### [About this task]
Please report each line in the material below that includes "mode".

### [Given data]
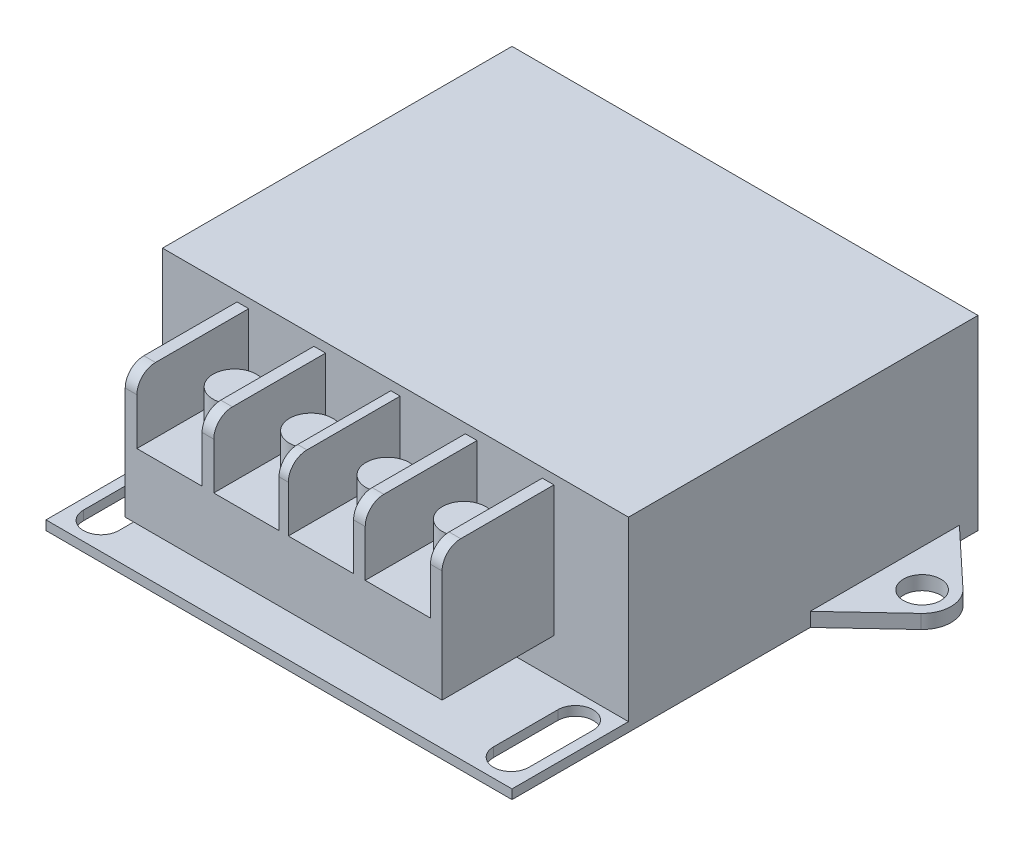
from build123d import *

# Parameters (mm, degrees)
SKETCH1_W           = 50
SKETCH1_H           = 50
BOSS_EXTRUDE1_DEPTH = 1
SKETCH2_W           = 50
SKETCH2_H           = 37.5
BOSS_EXTRUDE2_DEPTH = 19
SKETCH3_W           = 34
SKETCH3_H           = 14
BOSS_EXTRUDE3_DEPTH = 12
SKETCH4_R           = 2
BOSS_EXTRUDE4_DEPTH = 1.5
SKETCH5_W           = 7
SKETCH5_H           = 12
CUT_EXTRUDE1_DEPTH  = 7
FILLET1_R           = 2
SKETCH6_R           = 2.32139267
BOSS_EXTRUDE5_DEPTH = 4
LPATTERN1_COUNT     = 4
LPATTERN1_PITCH     = 8.2
CUT_EXTRUDE2_DEPTH  = 79.241453861


with BuildPart() as part:
    # Sketch1 → Boss-Extrude1 (new body)
    with BuildSketch(Plane(origin=(0, 0, 0), x_dir=(1, 0, 0), z_dir=(0, 1, 0))):
        with Locations((25, 25)):
            Rectangle(SKETCH1_W, SKETCH1_H)
    extrude(amount=BOSS_EXTRUDE1_DEPTH)

    # Sketch2 → Boss-Extrude2 (add)
    with BuildSketch(Plane(origin=(0, 1, 0), x_dir=(1, 0, 0), z_dir=(0, 1, 0))):
        with Locations((25, 31.25)):
            Rectangle(SKETCH2_W, SKETCH2_H)
    extrude(amount=BOSS_EXTRUDE2_DEPTH)

    # Sketch3 → Boss-Extrude3 (add)
    with BuildSketch(Plane.XY.offset(-12.5)):
        with Locations((25, 12)):
            Rectangle(SKETCH3_W, SKETCH3_H)
    extrude(amount=BOSS_EXTRUDE3_DEPTH)

    # Sketch4 → Boss-Extrude4 (add)
    with BuildSketch(Plane.XZ):
        with BuildLine():
            Line((0, -32.003753373), (-6.121503896, -37.739612135))
            ThreePointArc((-6.121503896, -37.739612135), (-7.102759148, -40.003753373), (-6.121503896, -42.267894612))
            Line((-6.121503896, -42.267894612), (0, -48.003753373))
            Line((0, -48.003753373), (0, -32.003753373))
        make_face()
        with Locations((-4, -40.003753373)):
            Circle(SKETCH4_R, mode=Mode.SUBTRACT)
    boss_extrude4 = extrude(amount=-BOSS_EXTRUDE4_DEPTH)

    # Mirror1: Boss-Extrude4 across plane
    add(boss_extrude4.mirror(Plane.ZY.offset(-25)))

    # Sketch5 → Cut-Extrude1 (cut)
    with BuildSketch(Plane(origin=(0, 19, 0), x_dir=(1, 0, 0), z_dir=(0, 1, 0))):
        with Locations((12.75, 6.5)):
            Rectangle(SKETCH5_W, SKETCH5_H)
        with Locations((21, 6.5)):
            Rectangle(SKETCH5_W, SKETCH5_H)
        with Locations((29, 6.5)):
            Rectangle(SKETCH5_W, SKETCH5_H)
        with Locations((37.25, 6.5)):
            Rectangle(SKETCH5_W, SKETCH5_H)
    extrude(amount=-CUT_EXTRUDE1_DEPTH, mode=Mode.SUBTRACT)

    # Fillet1
    fillet1_edges = [part.edges().sort_by_distance(p)[0] for p in [
        (41.375, 19, -0.5),
        (33.125, 19, -0.5),
        (25, 19, -0.5),
        (16.875, 19, -0.5),
        (8.625, 19, -0.5),
    ]]
    fillet(fillet1_edges, radius=FILLET1_R)

    # Sketch6 → Boss-Extrude5 (add)
    with BuildSketch(Plane(origin=(0, 12, 0), x_dir=(1, 0, 0), z_dir=(0, 1, 0))):
        with Locations((12.75, 7.5)):
            Circle(SKETCH6_R)
    boss_extrude5 = extrude(amount=BOSS_EXTRUDE5_DEPTH)

    # LPattern1: Boss-Extrude5 ×4
    with Locations(*[(i * LPATTERN1_PITCH, 0, 0) for i in range(1, LPATTERN1_COUNT)]):
        add(boss_extrude5)

    # Sketch7 → Cut-Extrude2 (cut, through all)
    with BuildSketch(Plane(origin=(0, 1, 0), x_dir=(1, 0, 0), z_dir=(0, 1, 0))):
        with BuildLine():
            Line((4.9, 9.811459389), (4.9, 2.913606885))
            ThreePointArc((4.9, 2.913606885), (3, 1.013606885), (1.1, 2.913606885))
            Line((1.1, 2.913606885), (1.1, 9.811459389))
            ThreePointArc((1.1, 9.811459389), (3, 11.711459389), (4.9, 9.811459389))
        make_face()
        with BuildLine():
            Line((48.9, 9.811459389), (48.9, 2.913606885))
            ThreePointArc((48.9, 2.913606885), (47, 1.013606885), (45.1, 2.913606885))
            Line((45.1, 2.913606885), (45.1, 9.811459389))
            ThreePointArc((45.1, 9.811459389), (47, 11.711459389), (48.9, 9.811459389))
        make_face()
    extrude(amount=-CUT_EXTRUDE2_DEPTH, mode=Mode.SUBTRACT)


solid = part.part

### [Written reply]
            Circle(SKETCH4_R, mode=Mode.SUBTRACT)
    extrude(amount=-CUT_EXTRUDE1_DEPTH, mode=Mode.SUBTRACT)
    extrude(amount=-CUT_EXTRUDE2_DEPTH, mode=Mode.SUBTRACT)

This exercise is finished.